You don’t need to rely on guesswork if you’re trying to understand your customers. There are some tactics to dig into your customers’ thoughts and opinions about your business. 

Voice of customer or VoC is a business intelligence methodology that uses various tactics to connect with your customers and understand their thought processes. These tactics, such as interviews or surveys, could be straightforward or indirect, such as social listening and user behavior analytics. 

When using insights from VoC, the sky’s the limit. Any areas of your business, from product planning to customer retention, could be informed by VoC. 

Let’s dive deeper and see what VoC could be collected and how it could be used in your business.

What is Voice of Customer (VoC), and why should you use it? 

Voice of Customer (VoC) is a highly effective research methodology businesses use to collect customer feedback and insights. It consists of strategies and techniques to understand customer expectations and their experience. 

VoC helps you visualize the gap between your product and customer expectations. Using VoC methodologies, you can understand your customers’ mindset and start thinking like them, almost like a strong connection between old friends.

It uses various traditional and modern data collection methods to understand customer perspectives. Once collected, these ideas and feedback are forwarded to management to create an action plan.

VoC can also assist in prioritizing critical issues for the next development cycle and gauging your product’s performance in the market. 

Okay, but is it required?  

As per this Statista report, over 90% of organizations use VoC to enhance their customer experience. If you aim to improve your customer’s experience, you must add VoC to your project pipeline.  

Understanding your customers is incredibly important for businesses. Customer experience and optimization services were estimated to generate $7.6 billion in 2021. And it’s projected that it will reach $11.2 billion by 2026, as per this Statista report.  

How do you collect customer information? 

Ways to collect Voice of Customer (VoC):

Let’s review some channels you can use to collect customer data and feedback:

1. CRM and marketing management tools: 

You can use your CRM to develop holistic customer insights. Customers whose records are already in your CRM can also be contacted by your sales team and provide feedback over calls. 

This saves time and lets you understand your most valuable customers’ opinions.  

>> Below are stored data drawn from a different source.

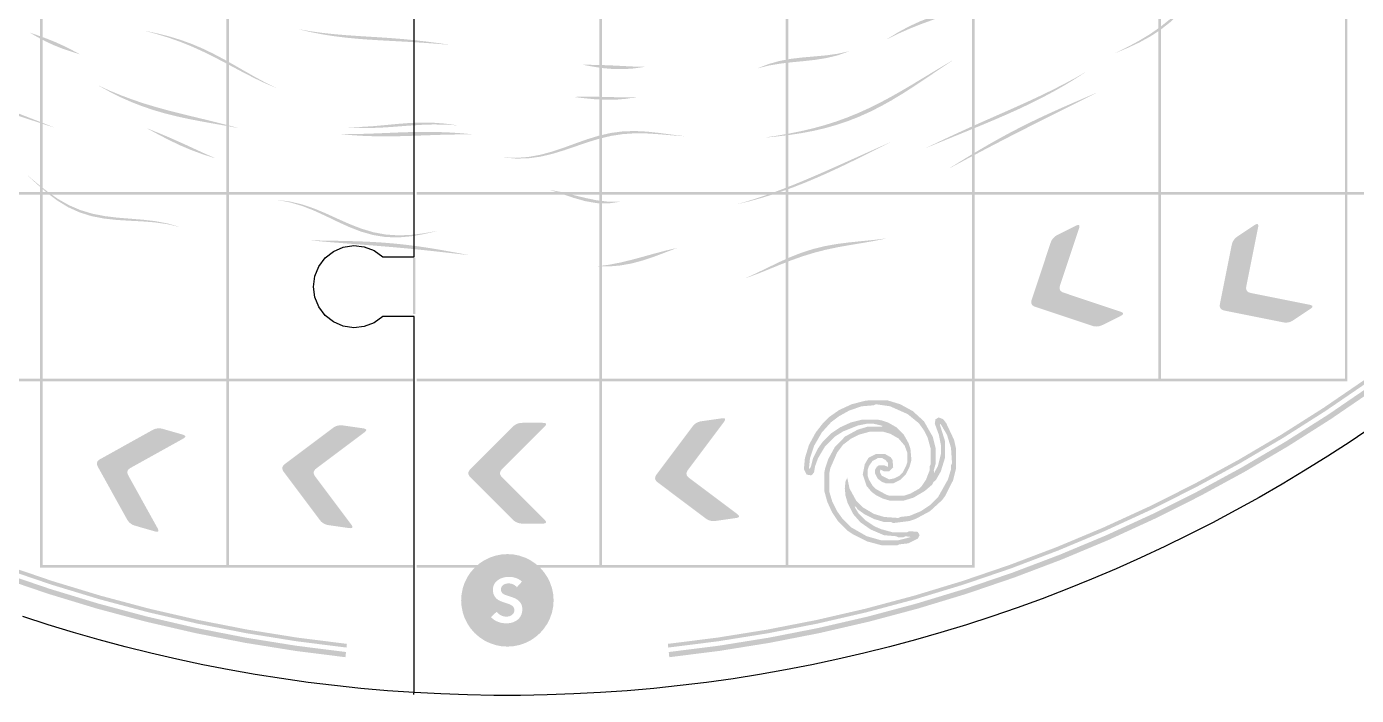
# Model space of a CAD drawing. Header units: millimetres. Extents: x 5 to 723, y 130 to 425.
# Drawn here: x 471.8 to 638.4, y 196.7 to 280.5 of the extents above; entities that cross this region are included whole.
import ezdxf

# ---------------------------------------------------------------- set-up
doc = ezdxf.new("R2010")
doc.units = ezdxf.units.MM
doc.layers.add('CUT', color=1, linetype='Continuous')
doc.layers.add('RASTER', color=7, linetype='Continuous')

msp = doc.modelspace()

# ---------------------------------------------------------------- hatches: boundary and pattern name
at = {"layer": 'RASTER'}
for points in [[(511.714, 201.513), (505.413, 202.307), (499.144, 203.313), (492.912, 204.531), (486.725, 205.959), (480.589, 207.596), (474.513, 209.439), (468.502, 211.487), (462.564, 213.737), (456.706, 216.187), (450.934, 218.834), (445.255, 221.675), (439.675, 224.706), (434.201, 227.924), (428.84, 231.326), (423.596, 234.907), (418.477, 238.664), (413.487, 242.592), (408.634, 246.686), (403.922, 250.943), (399.356, 255.356), (394.943, 259.922), (390.686, 264.634), (386.592, 269.487), (382.664, 274.477), (378.907, 279.596), (375.326, 284.84), (371.924, 290.201), (368.706, 295.675), (365.675, 301.255), (362.834, 306.934), (360.187, 312.706), (357.737, 318.564), (355.487, 324.502), (353.439, 330.513), (351.596, 336.589), (349.959, 342.725), (348.531, 348.912), (347.313, 355.144), (346.307, 361.413), (345.513, 367.714), (346.163, 367.784), (346.954, 361.506), (347.957, 355.258), (349.17, 349.048), (350.593, 342.882), (352.224, 336.768), (354.061, 330.713), (356.102, 324.723), (358.345, 318.806), (360.786, 312.969), (363.424, 307.217), (366.254, 301.557), (369.275, 295.997), (372.482, 290.542), (375.872, 285.199), (379.441, 279.974), (383.185, 274.872), (387.099, 269.9), (391.179, 265.064), (395.42, 260.368), (399.818, 255.818), (404.368, 251.42), (409.064, 247.179), (413.9, 243.099), (418.872, 239.185), (423.974, 235.441), (429.199, 231.872), (434.542, 228.482), (439.997, 225.275), (445.557, 222.254), (451.217, 219.424), (456.969, 216.786), (462.806, 214.345), (468.723, 212.102), (474.713, 210.061), (480.768, 208.224), (486.882, 206.593), (493.048, 205.17), (499.258, 203.957), (505.506, 202.954), (511.784, 202.163)], [(511.845, 202.72), (505.586, 203.509), (499.356, 204.508), (493.165, 205.718), (487.018, 207.137), (480.922, 208.763), (474.885, 210.595), (468.913, 212.63), (463.014, 214.865), (457.193, 217.299), (451.459, 219.929), (445.817, 222.751), (440.273, 225.763), (434.834, 228.96), (429.507, 232.34), (424.298, 235.898), (419.211, 239.631), (414.254, 243.533), (409.432, 247.601), (404.751, 251.83), (400.215, 256.215), (395.83, 260.751), (391.601, 265.432), (387.533, 270.254), (383.631, 275.211), (379.898, 280.298), (376.34, 285.507), (372.96, 290.834), (369.763, 296.273), (366.751, 301.817), (363.929, 307.459), (361.299, 313.193), (358.865, 319.014), (356.63, 324.913), (354.595, 330.885), (352.763, 336.922), (351.137, 343.018), (349.718, 349.165), (348.508, 355.356), (347.509, 361.586), (346.72, 367.845), (347.185, 367.895), (347.971, 361.652), (348.968, 355.438), (350.175, 349.262), (351.59, 343.13), (353.213, 337.05), (355.039, 331.028), (357.069, 325.071), (359.299, 319.187), (361.727, 313.381), (364.35, 307.661), (367.165, 302.032), (370.169, 296.503), (373.359, 291.078), (376.73, 285.764), (380.279, 280.568), (384.002, 275.494), (387.895, 270.549), (391.953, 265.739), (396.171, 261.069), (400.545, 256.545), (405.069, 252.171), (409.739, 247.953), (414.549, 243.895), (419.494, 240.002), (424.568, 236.279), (429.764, 232.73), (435.078, 229.359), (440.503, 226.169), (446.032, 223.165), (451.661, 220.35), (457.381, 217.727), (463.187, 215.299), (469.071, 213.069), (475.028, 211.039), (481.05, 209.213), (487.13, 207.59), (493.262, 206.175), (499.438, 204.968), (505.652, 203.971), (511.895, 203.185)], [(717.28, 367.845), (716.491, 361.586), (715.492, 355.356), (714.282, 349.165), (712.863, 343.018), (711.237, 336.922), (709.405, 330.885), (707.37, 324.913), (705.135, 319.014), (702.701, 313.193), (700.071, 307.459), (697.249, 301.817), (694.237, 296.273), (691.04, 290.834), (687.66, 285.507), (684.102, 280.298), (680.369, 275.211), (676.467, 270.254), (672.399, 265.432), (668.17, 260.751), (663.785, 256.215), (659.249, 251.83), (654.568, 247.601), (649.746, 243.533), (644.789, 239.631), (639.702, 235.898), (634.493, 232.34), (629.166, 228.96), (623.727, 225.763), (618.183, 222.751), (612.541, 219.929), (606.807, 217.299), (600.986, 214.865), (595.087, 212.63), (589.115, 210.595), (583.078, 208.763), (576.982, 207.137), (570.835, 205.718), (564.644, 204.508), (558.414, 203.509), (552.155, 202.72), (552.105, 203.185), (558.348, 203.971), (564.562, 204.968), (570.738, 206.175), (576.87, 207.59), (582.95, 209.213), (588.972, 211.039), (594.929, 213.069), (600.813, 215.299), (606.619, 217.727), (612.339, 220.35), (617.968, 223.165), (623.497, 226.169), (628.922, 229.359), (634.236, 232.73), (639.432, 236.279), (644.506, 240.002), (649.451, 243.895), (654.261, 247.953), (658.931, 252.171), (663.455, 256.545), (667.829, 261.069), (672.047, 265.739), (676.105, 270.549), (679.998, 275.494), (683.721, 280.568), (687.27, 285.764), (690.641, 291.078), (693.831, 296.503), (696.835, 302.032), (699.65, 307.661), (702.273, 313.381), (704.701, 319.187), (706.931, 325.071), (708.961, 331.028), (710.787, 337.05), (712.41, 343.13), (713.825, 349.262), (715.032, 355.438), (716.029, 361.652), (716.815, 367.895)], [(718.487, 367.714), (717.693, 361.413), (716.687, 355.144), (715.469, 348.912), (714.041, 342.725), (712.404, 336.589), (710.561, 330.513), (708.513, 324.502), (706.263, 318.564), (703.813, 312.706), (701.166, 306.934), (698.325, 301.255), (695.294, 295.675), (692.076, 290.201), (688.674, 284.84), (685.093, 279.596), (681.336, 274.477), (677.408, 269.487), (673.314, 264.634), (669.057, 259.922), (664.644, 255.356), (660.078, 250.943), (655.366, 246.686), (650.513, 242.592), (645.523, 238.664), (640.404, 234.907), (635.16, 231.326), (629.799, 227.924), (624.325, 224.706), (618.745, 221.675), (613.066, 218.834), (607.294, 216.187), (601.436, 213.737), (595.498, 211.487), (589.487, 209.439), (583.411, 207.596), (577.275, 205.959), (571.088, 204.531), (564.856, 203.313), (558.587, 202.307), (552.286, 201.513), (552.216, 202.163), (558.494, 202.954), (564.742, 203.957), (570.952, 205.17), (577.118, 206.593), (583.232, 208.224), (589.287, 210.061), (595.277, 212.102), (601.194, 214.345), (607.031, 216.786), (612.783, 219.424), (618.443, 222.254), (624.003, 225.275), (629.458, 228.482), (634.801, 231.872), (640.026, 235.441), (645.128, 239.185), (650.1, 243.099), (654.936, 247.179), (659.632, 251.42), (664.182, 255.818), (668.58, 260.368), (672.821, 265.064), (676.901, 269.9), (680.815, 274.872), (684.559, 279.974), (688.128, 285.199), (691.518, 290.542), (694.725, 295.997), (697.746, 301.557), (700.576, 307.217), (703.214, 312.969), (705.655, 318.806), (707.898, 324.723), (709.939, 330.713), (711.776, 336.768), (713.407, 342.882), (714.83, 349.048), (716.043, 355.258), (717.046, 361.506), (717.837, 367.784)], [(619.393, 285.951), (618.412, 284.664), (617.394, 283.408), (616.315, 282.216), (615.157, 281.116), (613.913, 280.124), (612.582, 279.247), (611.176, 278.477), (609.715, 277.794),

CRM tools like Salesforce can also be connected via API to marketing tools like Encharge to generate customer insights. This way, you don’t have to put in the manual effort to bridge KPIs from 2 different datasets. You can use these tools to measure metrics such as Net Promoter Score (NPS), Customer Satisfaction Score (CAST), and Customer Effort Score(CES), which can help you measure customer satisfaction. 

What’s more, you can use CRM with email marketing tools to track email campaign metrics, i.e., open rate, click-through rate, email sharing/forwarding rate, etc. These numbers make it easy to measure the effectiveness of your marketing strategies.  

You can also use support tickets, logs, and customer-raised incidents to identify and target recurring issues. This allows you to perform a churn analysis, which can be useful for determining proactive measures for customer retention.  

Check out the Salesforce and Encharge integration to learn more about how you can use email marketing with your CRM.

2. Customer interviews  

This is a more direct way of collecting customer data than gathering insights from your CRM data. Of course, it also creates a clearer picture of your customer’s state of mind. 

Personal interaction is the best for identifying customer-specific issues. Moreover, one-on-one customer interviews often reveal micro and macro trends for the product.

You can consult your support and customer success teams for this. They’re the ones who can give you the inside scoop on your customers’ gripes and thoughts. They are also the ones who can provide you with the list of customers who you should contact. 

Along with your help desk, you can also enrich your data with your CRM to segment customers based on factors such as purchase history, demographics, and engagement level. This would make it easier for you to identify target segments and create a shortlist. 

Use scheduling tools like Calendly and to schedule interviews. Provide different options for interview timings to accommodate your customer’s schedules.    

A typical customer interview starts with the interviewer’s introduction. Once the niceties are out, you can move on to general questions such as “what do you know about the company?” And “how does your product affect their lives?”

Source: HubSpot

After the customer is comfortable answering these basic questions, you can start narrowing down the interview topics based on your priorities and goals.

For example, you can start by asking – What business issues do you need help with? What are your business needs/requirements in a specific field/part of the business/sales/support or marketing process?

Once they have answered that, you can ask them how your product solved their problems. How satisfied are they with your product? Is this something they would now recommend to others?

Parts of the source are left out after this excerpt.